C’est pour établir des bases robustes de traçabilité des transactions commerciales que l’écriture a été inventée. C’est pour gérer les interactions sociales et économiques que le Code d’Hamurrabi a été mis en place à Sumer. On est progressivement passés d’un système de troc à un système monétaire fondé sur des matériaux, l’or et l’argent, qui avaient une valeur intrinsèque, puis à un système monétaire fondé sur le billet de banque dont la valeur est garantie par la communauté par le truchement de l’Etat et de ses outils financiers, Banque centrale, Trésor public. Pour assurer la confiance dans les produits et permettre ainsi l’essor de la société de consommation, on a inventé des normes garantissant une prédictibilité raisonnable du fonctionnement des produits et services vendus conforme à l’engagement commercial du vendeur, et là encore on a mis en place des systèmes de sanction.

Cette évolution n’a pas été sans douleur. Des crises sont venues régulièrement casser la confiance et ont conduit à l’adoption de sanctions et de règles plus robustes. On peut illustrer ces séismes par des exemples récents dans trois domaines différents : les subprimes, le Mediator dans le domaine critique de la santé ou encore le dieselgate. Dans ces trois cas, qui touchent des éléments clefs de la vie humaine, la santé ou le logement, des manœuvres frauduleuses menées de façon cynique pour un intérêt à court terme ont cassé la confiance du public envers les institutions, les marques et les régulateurs chargés d’appliquer les normes et les contrôles.

Le développement progressif d’une économie immatérielle a conduit les acteurs sociaux à accorder à des outils de plus en plus sophistiqués, c’est-à-dire éloignés d’une réalité physique compréhensible, la confiance indispensable au développement des relations commerciales.
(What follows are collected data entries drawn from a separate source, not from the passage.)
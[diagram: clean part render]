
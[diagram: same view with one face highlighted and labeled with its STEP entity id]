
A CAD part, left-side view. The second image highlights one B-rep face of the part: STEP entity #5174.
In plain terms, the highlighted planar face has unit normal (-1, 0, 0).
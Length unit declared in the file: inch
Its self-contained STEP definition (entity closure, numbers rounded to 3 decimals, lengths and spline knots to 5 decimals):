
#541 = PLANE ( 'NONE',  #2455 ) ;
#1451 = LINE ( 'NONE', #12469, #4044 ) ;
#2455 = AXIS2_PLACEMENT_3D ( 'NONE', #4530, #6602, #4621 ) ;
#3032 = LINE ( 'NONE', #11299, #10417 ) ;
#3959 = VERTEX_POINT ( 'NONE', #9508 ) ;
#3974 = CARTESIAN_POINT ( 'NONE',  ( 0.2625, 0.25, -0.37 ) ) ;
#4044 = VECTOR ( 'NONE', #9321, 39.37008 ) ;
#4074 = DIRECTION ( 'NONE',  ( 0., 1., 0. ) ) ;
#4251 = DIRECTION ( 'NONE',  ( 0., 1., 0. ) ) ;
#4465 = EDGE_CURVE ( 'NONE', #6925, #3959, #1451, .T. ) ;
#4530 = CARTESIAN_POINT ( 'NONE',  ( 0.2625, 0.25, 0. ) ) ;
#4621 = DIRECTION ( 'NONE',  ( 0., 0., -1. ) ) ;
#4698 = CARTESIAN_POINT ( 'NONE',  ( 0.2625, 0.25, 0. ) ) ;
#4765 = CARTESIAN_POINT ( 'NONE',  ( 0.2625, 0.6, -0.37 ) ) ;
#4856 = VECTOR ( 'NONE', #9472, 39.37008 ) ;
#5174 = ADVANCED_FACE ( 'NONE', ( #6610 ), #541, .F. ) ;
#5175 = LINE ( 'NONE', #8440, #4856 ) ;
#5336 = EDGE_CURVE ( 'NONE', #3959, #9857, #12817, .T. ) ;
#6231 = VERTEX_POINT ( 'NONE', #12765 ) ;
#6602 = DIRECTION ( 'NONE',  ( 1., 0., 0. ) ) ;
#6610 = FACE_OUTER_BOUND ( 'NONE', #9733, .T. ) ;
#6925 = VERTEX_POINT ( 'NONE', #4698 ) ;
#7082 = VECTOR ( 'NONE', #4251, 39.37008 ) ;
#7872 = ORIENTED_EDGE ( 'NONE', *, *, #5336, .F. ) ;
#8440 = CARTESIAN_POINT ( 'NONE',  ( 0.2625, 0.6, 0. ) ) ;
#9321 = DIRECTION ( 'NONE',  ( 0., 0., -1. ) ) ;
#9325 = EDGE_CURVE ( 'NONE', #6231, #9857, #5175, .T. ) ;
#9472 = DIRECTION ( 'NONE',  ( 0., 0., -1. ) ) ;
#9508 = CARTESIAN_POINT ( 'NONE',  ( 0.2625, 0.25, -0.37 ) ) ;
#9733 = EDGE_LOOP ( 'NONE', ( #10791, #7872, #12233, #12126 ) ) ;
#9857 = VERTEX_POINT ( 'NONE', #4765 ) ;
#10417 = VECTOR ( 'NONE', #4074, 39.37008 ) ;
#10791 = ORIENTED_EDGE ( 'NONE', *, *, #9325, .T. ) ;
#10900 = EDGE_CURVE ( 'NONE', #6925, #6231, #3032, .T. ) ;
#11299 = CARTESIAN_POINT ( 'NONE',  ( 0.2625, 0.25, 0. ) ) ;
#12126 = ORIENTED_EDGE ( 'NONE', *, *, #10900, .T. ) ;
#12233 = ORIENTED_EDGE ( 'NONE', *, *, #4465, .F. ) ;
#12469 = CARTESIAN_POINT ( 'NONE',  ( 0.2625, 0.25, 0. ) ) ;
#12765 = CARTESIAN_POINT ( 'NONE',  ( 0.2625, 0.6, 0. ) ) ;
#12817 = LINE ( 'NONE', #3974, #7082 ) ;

C’est ainsi que la carte de crédit et la monnaie électronique se substituent aux formes matérielles de monnaie en voie de disparition programmée.

La confiance dans le monde numérique s’inscrit donc parfaitement dans cette logique d’évolution de long terme.  La confiance n’est pas une donnée immanente, elle se construit à travers des règles, des pratiques et des expériences.

Or par rapport au monde antérieur, où les innovations se diffusaient lentement, le monde numérique est un monde caractérisé par la vitesse des transactions, dans tous les domaines, et par le caractère immatériel, global et instantané de la plupart des processus. Ces « propriétés » appellent à réviser les critères antérieurs de confiance pour introduire de nouvelles pratiques et de nouveaux outils. Il est évident que le cadre de la confiance ne s’applique par qu’aux relations interindividuelles ou à l’exécution de contrats. Il concerne le fonctionnement global de la société, par cercles concentriques, allant jusqu’aux relations avec et entre les Etats. De la photo postée sur Instagram à la cyber-défense, la confiance numérique emprunte naturellement  les mille facettes de la vie sociale. Et à chaque type de problème doit être appliqué la parade adaptée.

Chacun est amené à prendre des décisions sur la base de données et d’informations dont il serait trop long, complexe et coûteux de vérifier l’ensemble des caractéristiques. Il y a donc à chaque fois et pour chaque décision un « pari raisonnable » qui doit être validé par quelques contrôles simples, comme l’identité de la source ou du support, l’antériorité de son existence, la traçabilité des comportements, l’avis des pairs. La confiance se nourrit graduellement d’expériences positives antérieures et se détruit rapidement par la non-conformité du comportement au niveau d’attente.

Le référentiel international Cobit a défini les critères de l’information :

  • efficacité : qualité et pertinence de l’information, distribution cohérente
  • efficience : rapidité de délivrance
  • confidentialité : protection contre la divulgation
  • intégrité : exactitude de l’information
  • disponibilité : accessibilité à la demande et protection (sauvegarde)
  • conformité : respect des règles et lois
  • fiabilité : exactitude des informations transmises

Cette trame est pertinente pour concevoir et mettre en place des systèmes d’information et de prise de décision qui réduisent le risque d’une prise de décision fondée sur des informations inappropriées. C’est aussi une check-list pertinente pour juger les éléments sur lesquels on va prendre une décision.